======== Source information ========

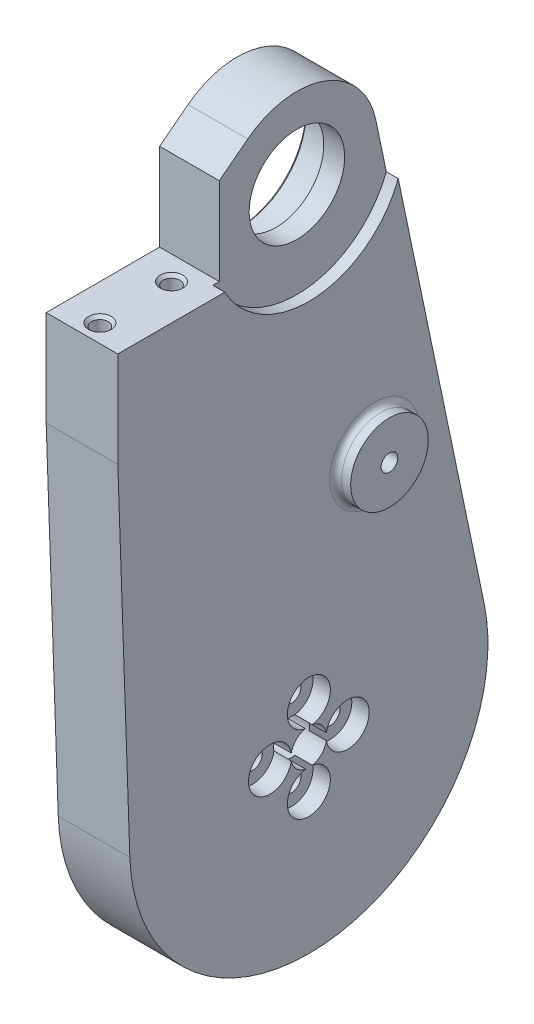
ISO-10303-21;
HEADER;
FILE_DESCRIPTION(('STEP AP214'),'2;1');
FILE_NAME('part.step','',(''),(''),'','','');
FILE_SCHEMA(('AUTOMOTIVE_DESIGN { 1 0 10303 214 1 1 1 1 }'));
ENDSEC;
DATA;
#1=APPLICATION_CONTEXT('core data for automotive mechanical design processes');
#2=APPLICATION_PROTOCOL_DEFINITION('international standard','automotive_design',2000,#1);
#3=PRODUCT_CONTEXT('',#1,'mechanical');
#4=PRODUCT('Part','Part','',(#3));
#5=PRODUCT_RELATED_PRODUCT_CATEGORY('part','',(#4));
#6=PRODUCT_DEFINITION_FORMATION('','',#4);
#7=PRODUCT_DEFINITION_CONTEXT('part definition',#1,'design');
#8=PRODUCT_DEFINITION('design','',#6,#7);
#9=PRODUCT_DEFINITION_SHAPE('','',#8);
#10=(LENGTH_UNIT() NAMED_UNIT(*) SI_UNIT(.MILLI.,.METRE.));
#11=(NAMED_UNIT(*) PLANE_ANGLE_UNIT() SI_UNIT($,.RADIAN.));
#12=(NAMED_UNIT(*) SI_UNIT($,.STERADIAN.) SOLID_ANGLE_UNIT());
#13=UNCERTAINTY_MEASURE_WITH_UNIT(LENGTH_MEASURE(1.E-05),#10,'distance_accuracy_value','');
#14=(GEOMETRIC_REPRESENTATION_CONTEXT(3) GLOBAL_UNCERTAINTY_ASSIGNED_CONTEXT((#13)) GLOBAL_UNIT_ASSIGNED_CONTEXT((#10,
#11,#12)) REPRESENTATION_CONTEXT('',''));
#15=CARTESIAN_POINT('',(0.,0.,0.));
#16=DIRECTION('',(0.,0.,1.));
#17=DIRECTION('',(1.,0.,0.));
#18=AXIS2_PLACEMENT_3D('',#15,#16,#17);
#19=CARTESIAN_POINT('',(57.,73.,32.));
#20=DIRECTION('',(0.,-0.7923556344167,-0.610059463173966));
#21=DIRECTION('',(0.,-0.610059463173966,0.792355634416701));
#22=AXIS2_PLACEMENT_3D('',#19,#20,#21);
#23=PLANE('',#22);
#24=DIRECTION('',(0.,0.610059463173966,-0.792355634416701));
#25=VECTOR('',#24,1.);
#26=CARTESIAN_POINT('',(55.,73.,32.));
#27=LINE('',#26,#25);
#28=CARTESIAN_POINT('',(55.,87.6286961268828,13.));
#29=VERTEX_POINT('',#28);
#30=CARTESIAN_POINT('',(55.,91.2968010646259,8.23580275284801));
#31=VERTEX_POINT('',#30);
#32=EDGE_CURVE('E202',#29,#31,#27,.T.);
#33=ORIENTED_EDGE('',*,*,#32,.T.);
#34=DIRECTION('',(-1.,0.,0.));
#35=VECTOR('',#34,1.);
#36=CARTESIAN_POINT('',(57.,91.2968010646259,8.235802752848));
#37=LINE('',#36,#35);
#38=CARTESIAN_POINT('',(45.,91.2968010646259,8.235802752848));
#39=VERTEX_POINT('',#38);
#40=EDGE_CURVE('E288',#31,#39,#37,.T.);
#41=ORIENTED_EDGE('',*,*,#40,.T.);
#42=DIRECTION('',(0.,0.610059463173966,-0.792355634416701));
#43=VECTOR('',#42,1.);
#44=CARTESIAN_POINT('',(45.,73.,32.));
#45=LINE('',#44,#43);
#46=CARTESIAN_POINT('',(45.,87.6286961268828,13.));
#47=VERTEX_POINT('',#46);
#48=EDGE_CURVE('E185',#47,#39,#45,.T.);
#49=ORIENTED_EDGE('',*,*,#48,.F.);
#50=DIRECTION('',(1.,0.,0.));
#51=VECTOR('',#50,1.);
#52=CARTESIAN_POINT('',(57.,87.6286961268828,13.));
#53=LINE('',#52,#51);
#54=EDGE_CURVE('E277',#47,#29,#53,.T.);
#55=ORIENTED_EDGE('',*,*,#54,.T.);
#56=EDGE_LOOP('',(#33,#41,#49,#55));
#57=FACE_BOUND('',#56,.T.);
#58=ADVANCED_FACE('F41',(#57),#23,.F.);
#59=CARTESIAN_POINT('',(57.,80.6,0.));
#60=DIRECTION('',(-1.,0.,0.));
#61=DIRECTION('',(0.,0.,-1.));
#62=AXIS2_PLACEMENT_3D('',#59,#60,#61);
#63=CYLINDRICAL_SURFACE('',#62,13.5);
#64=CARTESIAN_POINT('',(55.,80.6,0.));
#65=DIRECTION('',(-1.,0.,0.));
#66=DIRECTION('',(0.,0.,1.));
#67=AXIS2_PLACEMENT_3D('',#64,#65,#66);
#68=CIRCLE('',#67,13.5);
#69=CARTESIAN_POINT('',(55.,83.3636476426799,-13.2140929203298));
#70=VERTEX_POINT('',#69);
#71=EDGE_CURVE('E205',#31,#70,#68,.T.);
#72=ORIENTED_EDGE('',*,*,#71,.T.);
#73=DIRECTION('',(-1.,0.,0.));
#74=VECTOR('',#73,1.);
#75=CARTESIAN_POINT('',(57.,83.3636476426799,-13.2140929203298));
#76=LINE('',#75,#74);
#77=CARTESIAN_POINT('',(45.,83.3636476426799,-13.2140929203298));
#78=VERTEX_POINT('',#77);
#79=EDGE_CURVE('E315',#70,#78,#76,.T.);
#80=ORIENTED_EDGE('',*,*,#79,.T.);
#81=CARTESIAN_POINT('',(45.,80.6,0.));
#82=DIRECTION('',(-1.,0.,0.));
#83=DIRECTION('',(0.,0.,1.));
#84=AXIS2_PLACEMENT_3D('',#81,#82,#83);
#85=CIRCLE('',#84,13.5);
#86=EDGE_CURVE('E279',#39,#78,#85,.T.);
#87=ORIENTED_EDGE('',*,*,#86,.F.);
#88=ORIENTED_EDGE('',*,*,#40,.F.);
#89=EDGE_LOOP('',(#72,#80,#87,#88));
#90=FACE_BOUND('',#89,.T.);
#91=ADVANCED_FACE('F407',(#90),#63,.T.);
#92=CARTESIAN_POINT('',(85.,150.,13.));
#93=DIRECTION('',(0.,0.,1.));
#94=DIRECTION('',(-1.,0.,0.));
#95=AXIS2_PLACEMENT_3D('',#92,#93,#94);
#96=PLANE('',#95);
#97=ORIENTED_EDGE('',*,*,#54,.F.);
#98=DIRECTION('',(0.,1.,0.));
#99=VECTOR('',#98,1.);
#100=CARTESIAN_POINT('',(45.,80.6,13.));
#101=LINE('',#100,#99);
#102=CARTESIAN_POINT('',(45.,73.,13.));
#103=VERTEX_POINT('',#102);
#104=EDGE_CURVE('E318',#103,#47,#101,.T.);
#105=ORIENTED_EDGE('',*,*,#104,.F.);
#106=DIRECTION('',(-1.,0.,0.));
#107=VECTOR('',#106,1.);
#108=CARTESIAN_POINT('',(85.,73.,13.));
#109=LINE('',#108,#107);
#110=CARTESIAN_POINT('',(55.,73.,13.));
#111=VERTEX_POINT('',#110);
#112=EDGE_CURVE('E272',#111,#103,#109,.T.);
#113=ORIENTED_EDGE('',*,*,#112,.F.);
#114=DIRECTION('',(0.,-1.,0.));
#115=VECTOR('',#114,1.);
#116=CARTESIAN_POINT('',(55.,150.,13.));
#117=LINE('',#116,#115);
#118=EDGE_CURVE('E193',#29,#111,#117,.T.);
#119=ORIENTED_EDGE('',*,*,#118,.F.);
#120=EDGE_LOOP('',(#97,#105,#113,#119));
#121=FACE_BOUND('',#120,.T.);
#122=ADVANCED_FACE('F415',(#121),#96,.T.);
#123=CARTESIAN_POINT('',(37.,6.5,0.));
#124=DIRECTION('',(1.,0.,0.));
#125=DIRECTION('',(0.,0.,1.));
#126=AXIS2_PLACEMENT_3D('',#123,#124,#125);
#127=CYLINDRICAL_SURFACE('',#126,1.6);
#128=CARTESIAN_POINT('',(37.,6.5,0.));
#129=DIRECTION('',(-1.,0.,0.));
#130=DIRECTION('',(0.,-1.,0.));
#131=AXIS2_PLACEMENT_3D('',#128,#129,#130);
#132=CIRCLE('',#131,1.6);
#133=CARTESIAN_POINT('',(37.,4.9,0.));
#134=VERTEX_POINT('',#133);
#135=EDGE_CURVE('E234',#134,#134,#132,.T.);
#136=ORIENTED_EDGE('',*,*,#135,.T.);
#137=EDGE_LOOP('',(#136));
#138=FACE_BOUND('',#137,.T.);
#139=CARTESIAN_POINT('',(54.1,6.5,0.));
#140=DIRECTION('',(-1.,0.,0.));
#141=DIRECTION('',(0.,0.,1.));
#142=AXIS2_PLACEMENT_3D('',#139,#140,#141);
#143=CIRCLE('',#142,1.6);
#144=CARTESIAN_POINT('',(54.1,6.5,1.59999999999991));
#145=VERTEX_POINT('',#144);
#146=EDGE_CURVE('E230',#145,#145,#143,.F.);
#147=ORIENTED_EDGE('',*,*,#146,.T.);
#148=EDGE_LOOP('',(#147));
#149=FACE_BOUND('',#148,.T.);
#150=ADVANCED_FACE('F535',(#138,#149),#127,.F.);
#151=CARTESIAN_POINT('',(37.,0.,6.5));
#152=DIRECTION('',(1.,0.,0.));
#153=DIRECTION('',(0.,0.,1.));
#154=AXIS2_PLACEMENT_3D('',#151,#152,#153);
#155=CYLINDRICAL_SURFACE('',#154,1.6);
#156=CARTESIAN_POINT('',(37.,0.,6.5));
#157=DIRECTION('',(-1.,0.,0.));
#158=DIRECTION('',(0.,0.,-1.));
#159=AXIS2_PLACEMENT_3D('',#156,#157,#158);
#160=CIRCLE('',#159,1.6);
#161=CARTESIAN_POINT('',(37.,0.,4.9));
#162=VERTEX_POINT('',#161);
#163=EDGE_CURVE('E239',#162,#162,#160,.T.);
#164=ORIENTED_EDGE('',*,*,#163,.T.);
#165=EDGE_LOOP('',(#164));
#166=FACE_BOUND('',#165,.T.);
#167=CARTESIAN_POINT('',(54.1,0.,6.5));
#168=DIRECTION('',(-1.,0.,0.));
#169=DIRECTION('',(0.,0.,1.));
#170=AXIS2_PLACEMENT_3D('',#167,#168,#169);
#171=CIRCLE('',#170,1.6);
#172=CARTESIAN_POINT('',(54.1,0.,8.1));
#173=VERTEX_POINT('',#172);
#174=EDGE_CURVE('E226',#173,#173,#171,.F.);
#175=ORIENTED_EDGE('',*,*,#174,.T.);
#176=EDGE_LOOP('',(#175));
#177=FACE_BOUND('',#176,.T.);
#178=ADVANCED_FACE('F531',(#166,#177),#155,.F.);
#179=CARTESIAN_POINT('',(37.,-6.5,0.));
#180=DIRECTION('',(1.,0.,0.));
#181=DIRECTION('',(0.,0.,1.));
#182=AXIS2_PLACEMENT_3D('',#179,#180,#181);
#183=CYLINDRICAL_SURFACE('',#182,1.6);
#184=CARTESIAN_POINT('',(37.,-6.5,0.));
#185=DIRECTION('',(-1.,0.,0.));
#186=DIRECTION('',(0.,1.,0.));
#187=AXIS2_PLACEMENT_3D('',#184,#185,#186);
#188=CIRCLE('',#187,1.6);
#189=CARTESIAN_POINT('',(37.,-4.9,0.));
#190=VERTEX_POINT('',#189);
#191=EDGE_CURVE('E235',#190,#190,#188,.T.);
#192=ORIENTED_EDGE('',*,*,#191,.T.);
#193=EDGE_LOOP('',(#192));
#194=FACE_BOUND('',#193,.T.);
#195=CARTESIAN_POINT('',(54.1,-6.5,0.));
#196=DIRECTION('',(-1.,0.,0.));
#197=DIRECTION('',(0.,0.,1.));
#198=AXIS2_PLACEMENT_3D('',#195,#196,#197);
#199=CIRCLE('',#198,1.6);
#200=CARTESIAN_POINT('',(54.1,-6.5,1.60000000000005));
#201=VERTEX_POINT('',#200);
#202=EDGE_CURVE('E220',#201,#201,#199,.F.);
#203=ORIENTED_EDGE('',*,*,#202,.T.);
#204=EDGE_LOOP('',(#203));
#205=FACE_BOUND('',#204,.T.);
#206=ADVANCED_FACE('F527',(#194,#205),#183,.F.);
#207=CARTESIAN_POINT('',(37.,0.,-6.5));
#208=DIRECTION('',(1.,0.,0.));
#209=DIRECTION('',(0.,0.,1.));
#210=AXIS2_PLACEMENT_3D('',#207,#208,#209);
#211=CYLINDRICAL_SURFACE('',#210,1.6);
#212=CARTESIAN_POINT('',(37.,0.,-6.5));
#213=DIRECTION('',(-1.,0.,0.));
#214=DIRECTION('',(0.,0.,1.));
#215=AXIS2_PLACEMENT_3D('',#212,#213,#214);
#216=CIRCLE('',#215,1.6);
#217=CARTESIAN_POINT('',(37.,0.,-4.9));
#218=VERTEX_POINT('',#217);
#219=EDGE_CURVE('E252',#218,#218,#216,.T.);
#220=ORIENTED_EDGE('',*,*,#219,.T.);
#221=EDGE_LOOP('',(#220));
#222=FACE_BOUND('',#221,.T.);
#223=CARTESIAN_POINT('',(54.1,0.,-6.5));
#224=DIRECTION('',(-1.,0.,0.));
#225=DIRECTION('',(0.,0.,1.));
#226=AXIS2_PLACEMENT_3D('',#223,#224,#225);
#227=CIRCLE('',#226,1.6);
#228=CARTESIAN_POINT('',(54.1,0.,-4.9));
#229=VERTEX_POINT('',#228);
#230=EDGE_CURVE('E246',#229,#229,#227,.F.);
#231=ORIENTED_EDGE('',*,*,#230,.T.);
#232=EDGE_LOOP('',(#231));
#233=FACE_BOUND('',#232,.T.);
#234=ADVANCED_FACE('F530',(#222,#233),#211,.F.);
#235=CARTESIAN_POINT('',(57.,80.6,0.));
#236=DIRECTION('',(1.,0.,0.));
#237=DIRECTION('',(0.,0.,1.));
#238=AXIS2_PLACEMENT_3D('',#235,#236,#237);
#239=PLANE('',#238);
#240=CARTESIAN_POINT('',(57.,37.,-11.));
#241=DIRECTION('',(-1.,0.,0.));
#242=DIRECTION('',(0.,0.,1.));
#243=AXIS2_PLACEMENT_3D('',#240,#241,#242);
#244=CIRCLE('',#243,7.5);
#245=CARTESIAN_POINT('',(57.,37.,-3.5));
#246=VERTEX_POINT('',#245);
#247=EDGE_CURVE('E371',#246,#246,#244,.F.);
#248=ORIENTED_EDGE('',*,*,#247,.F.);
#249=EDGE_LOOP('',(#248));
#250=FACE_BOUND('',#249,.T.);
#251=CARTESIAN_POINT('',(57.,80.6,0.));
#252=DIRECTION('',(-1.,0.,0.));
#253=DIRECTION('',(0.,0.,1.));
#254=AXIS2_PLACEMENT_3D('',#251,#252,#253);
#255=CIRCLE('',#254,16.);
#256=CARTESIAN_POINT('',(57.,74.957740266821,-14.9721376263828));
#257=VERTEX_POINT('',#256);
#258=CARTESIAN_POINT('',(57.,73.,14.0797727254384));
#259=VERTEX_POINT('',#258);
#260=EDGE_CURVE('E181',#257,#259,#255,.T.);
#261=ORIENTED_EDGE('',*,*,#260,.T.);
#262=DIRECTION('',(0.,0.,-1.));
#263=VECTOR('',#262,1.);
#264=CARTESIAN_POINT('',(57.,73.,0.));
#265=LINE('',#264,#263);
#266=CARTESIAN_POINT('',(57.,73.,32.));
#267=VERTEX_POINT('',#266);
#268=EDGE_CURVE('E275',#267,#259,#265,.T.);
#269=ORIENTED_EDGE('',*,*,#268,.F.);
#270=DIRECTION('',(0.,1.,0.));
#271=VECTOR('',#270,1.);
#272=CARTESIAN_POINT('',(57.,57.,32.));
#273=LINE('',#272,#271);
#274=CARTESIAN_POINT('',(57.,57.,32.));
#275=VERTEX_POINT('',#274);
#276=EDGE_CURVE('E285',#275,#267,#273,.T.);
#277=ORIENTED_EDGE('',*,*,#276,.F.);
#278=DIRECTION('',(0.,0.999396082337188,0.0347486778033337));
#279=VECTOR('',#278,1.);
#280=CARTESIAN_POINT('',(57.,-1.04246033410001,29.9818824701157));
#281=LINE('',#280,#279);
#282=CARTESIAN_POINT('',(57.,-1.04246033410001,29.9818824701157));
#283=VERTEX_POINT('',#282);
#284=EDGE_CURVE('E282',#283,#275,#281,.T.);
#285=ORIENTED_EDGE('',*,*,#284,.F.);
#286=CARTESIAN_POINT('',(57.,0.,0.));
#287=DIRECTION('',(-1.,0.,0.));
#288=DIRECTION('',(0.,0.,1.));
#289=AXIS2_PLACEMENT_3D('',#286,#287,#288);
#290=CIRCLE('',#289,30.);
#291=CARTESIAN_POINT('',(57.,6.14143920595533,-29.3646509340662));
#292=VERTEX_POINT('',#291);
#293=EDGE_CURVE('E184',#292,#283,#290,.T.);
#294=ORIENTED_EDGE('',*,*,#293,.F.);
#295=DIRECTION('',(0.,-0.978821697802207,-0.204714640198511));
#296=VECTOR('',#295,1.);
#297=CARTESIAN_POINT('',(57.,83.3636476426799,-13.2140929203298));
#298=LINE('',#297,#296);
#299=EDGE_CURVE('E169',#257,#292,#298,.T.);
#300=ORIENTED_EDGE('',*,*,#299,.F.);
#301=EDGE_LOOP('',(#261,#269,#277,#285,#294,#300));
#302=FACE_BOUND('',#301,.T.);
#303=CARTESIAN_POINT('',(57.,0.,6.5));
#304=DIRECTION('',(-1.,0.,0.));
#305=DIRECTION('',(0.,0.,-1.));
#306=AXIS2_PLACEMENT_3D('',#303,#304,#305);
#307=CIRCLE('',#306,3.6);
#308=CARTESIAN_POINT('',(57.,-0.569832841678687,2.94538461538462));
#309=VERTEX_POINT('',#308);
#310=CARTESIAN_POINT('',(57.,0.569832841678709,2.94538461538461));
#311=VERTEX_POINT('',#310);
#312=EDGE_CURVE('E211',#309,#311,#307,.T.);
#313=ORIENTED_EDGE('',*,*,#312,.T.);
#314=CARTESIAN_POINT('',(57.,0.,0.));
#315=DIRECTION('',(-1.,0.,0.));
#316=DIRECTION('',(0.,0.,1.));
#317=AXIS2_PLACEMENT_3D('',#314,#315,#316);
#318=CIRCLE('',#317,3.);
#319=CARTESIAN_POINT('',(57.,2.94538461538462,0.569832841678656));
#320=VERTEX_POINT('',#319);
#321=EDGE_CURVE('E984',#311,#320,#318,.T.);
#322=ORIENTED_EDGE('',*,*,#321,.T.);
#323=CARTESIAN_POINT('',(57.,6.5,0.));
#324=DIRECTION('',(-1.,0.,0.));
#325=DIRECTION('',(0.,-1.,0.));
#326=AXIS2_PLACEMENT_3D('',#323,#324,#325);
#327=CIRCLE('',#326,3.6);
#328=CARTESIAN_POINT('',(57.,2.94538461538461,-0.56983284167874));
#329=VERTEX_POINT('',#328);
#330=EDGE_CURVE('E174',#320,#329,#327,.T.);
#331=ORIENTED_EDGE('',*,*,#330,.T.);
#332=CARTESIAN_POINT('',(57.,0.569832841678687,-2.94538461538462));
#333=VERTEX_POINT('',#332);
#334=EDGE_CURVE('E255',#329,#333,#318,.T.);
#335=ORIENTED_EDGE('',*,*,#334,.T.);
#336=CARTESIAN_POINT('',(57.,0.,-6.5));
#337=DIRECTION('',(-1.,0.,0.));
#338=DIRECTION('',(0.,0.,1.));
#339=AXIS2_PLACEMENT_3D('',#336,#337,#338);
#340=CIRCLE('',#339,3.6);
#341=CARTESIAN_POINT('',(57.,-0.569832841678709,-2.94538461538461));
#342=VERTEX_POINT('',#341);
#343=EDGE_CURVE('E238',#333,#342,#340,.T.);
#344=ORIENTED_EDGE('',*,*,#343,.T.);
#345=CARTESIAN_POINT('',(57.,-2.94538461538462,-0.569832841678677));
#346=VERTEX_POINT('',#345);
#347=EDGE_CURVE('E260',#342,#346,#318,.T.);
#348=ORIENTED_EDGE('',*,*,#347,.T.);
#349=CARTESIAN_POINT('',(57.,-6.5,0.));
#350=DIRECTION('',(-1.,0.,0.));
#351=DIRECTION('',(0.,1.,0.));
#352=AXIS2_PLACEMENT_3D('',#349,#350,#351);
#353=CIRCLE('',#352,3.6);
#354=CARTESIAN_POINT('',(57.,-2.94538461538461,0.569832841678719));
#355=VERTEX_POINT('',#354);
#356=EDGE_CURVE('E215',#346,#355,#353,.T.);
#357=ORIENTED_EDGE('',*,*,#356,.T.);
#358=EDGE_CURVE('E263',#355,#309,#318,.T.);
#359=ORIENTED_EDGE('',*,*,#358,.T.);
#360=EDGE_LOOP('',(#313,#322,#331,#335,#344,#348,#357,#359));
#361=FACE_BOUND('',#360,.T.);
#362=ADVANCED_FACE('F178',(#250,#302,#361),#239,.T.);
#363=CARTESIAN_POINT('',(45.,80.6,0.));
#364=DIRECTION('',(1.,0.,0.));
#365=DIRECTION('',(0.,0.,1.));
#366=AXIS2_PLACEMENT_3D('',#363,#364,#365);
#367=PLANE('',#366);
#368=CARTESIAN_POINT('',(45.,80.6,0.));
#369=DIRECTION('',(-1.,0.,0.));
#370=DIRECTION('',(0.,0.,1.));
#371=AXIS2_PLACEMENT_3D('',#368,#369,#370);
#372=CIRCLE('',#371,11.5);
#373=CARTESIAN_POINT('',(45.,80.6,11.5));
#374=VERTEX_POINT('',#373);
#375=EDGE_CURVE('E365',#374,#374,#372,.T.);
#376=ORIENTED_EDGE('',*,*,#375,.F.);
#377=EDGE_LOOP('',(#376));
#378=FACE_BOUND('',#377,.T.);
#379=CARTESIAN_POINT('',(45.,0.,0.));
#380=DIRECTION('',(-1.,0.,0.));
#381=DIRECTION('',(0.,0.,1.));
#382=AXIS2_PLACEMENT_3D('',#379,#380,#381);
#383=CIRCLE('',#382,11.5);
#384=CARTESIAN_POINT('',(45.,0.,11.5));
#385=VERTEX_POINT('',#384);
#386=EDGE_CURVE('E320',#385,#385,#383,.F.);
#387=ORIENTED_EDGE('',*,*,#386,.T.);
#388=EDGE_LOOP('',(#387));
#389=FACE_BOUND('',#388,.T.);
#390=ORIENTED_EDGE('',*,*,#104,.T.);
#391=ORIENTED_EDGE('',*,*,#48,.T.);
#392=ORIENTED_EDGE('',*,*,#86,.T.);
#393=DIRECTION('',(0.,-0.978821697802207,-0.204714640198511));
#394=VECTOR('',#393,1.);
#395=CARTESIAN_POINT('',(45.,83.3636476426799,-13.2140929203298));
#396=LINE('',#395,#394);
#397=CARTESIAN_POINT('',(45.,6.14143920595533,-29.3646509340662));
#398=VERTEX_POINT('',#397);
#399=EDGE_CURVE('E291',#78,#398,#396,.T.);
#400=ORIENTED_EDGE('',*,*,#399,.T.);
#401=CARTESIAN_POINT('',(45.,0.,0.));
#402=DIRECTION('',(-1.,0.,0.));
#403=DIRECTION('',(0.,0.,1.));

========

- Work task -
Print only what lies in the material above starting at the line with "#195=CARTESIAN_POINT('',(54.1,-6.5,0.));" and ending at the line with "#201=VERTEX_POINT('',#200);", every line exactly as given.

- Response to this exercise -
#195=CARTESIAN_POINT('',(54.1,-6.5,0.));
#196=DIRECTION('',(-1.,0.,0.));
#197=DIRECTION('',(0.,0.,1.));
#198=AXIS2_PLACEMENT_3D('',#195,#196,#197);
#199=CIRCLE('',#198,1.6);
#200=CARTESIAN_POINT('',(54.1,-6.5,1.60000000000005));
#201=VERTEX_POINT('',#200);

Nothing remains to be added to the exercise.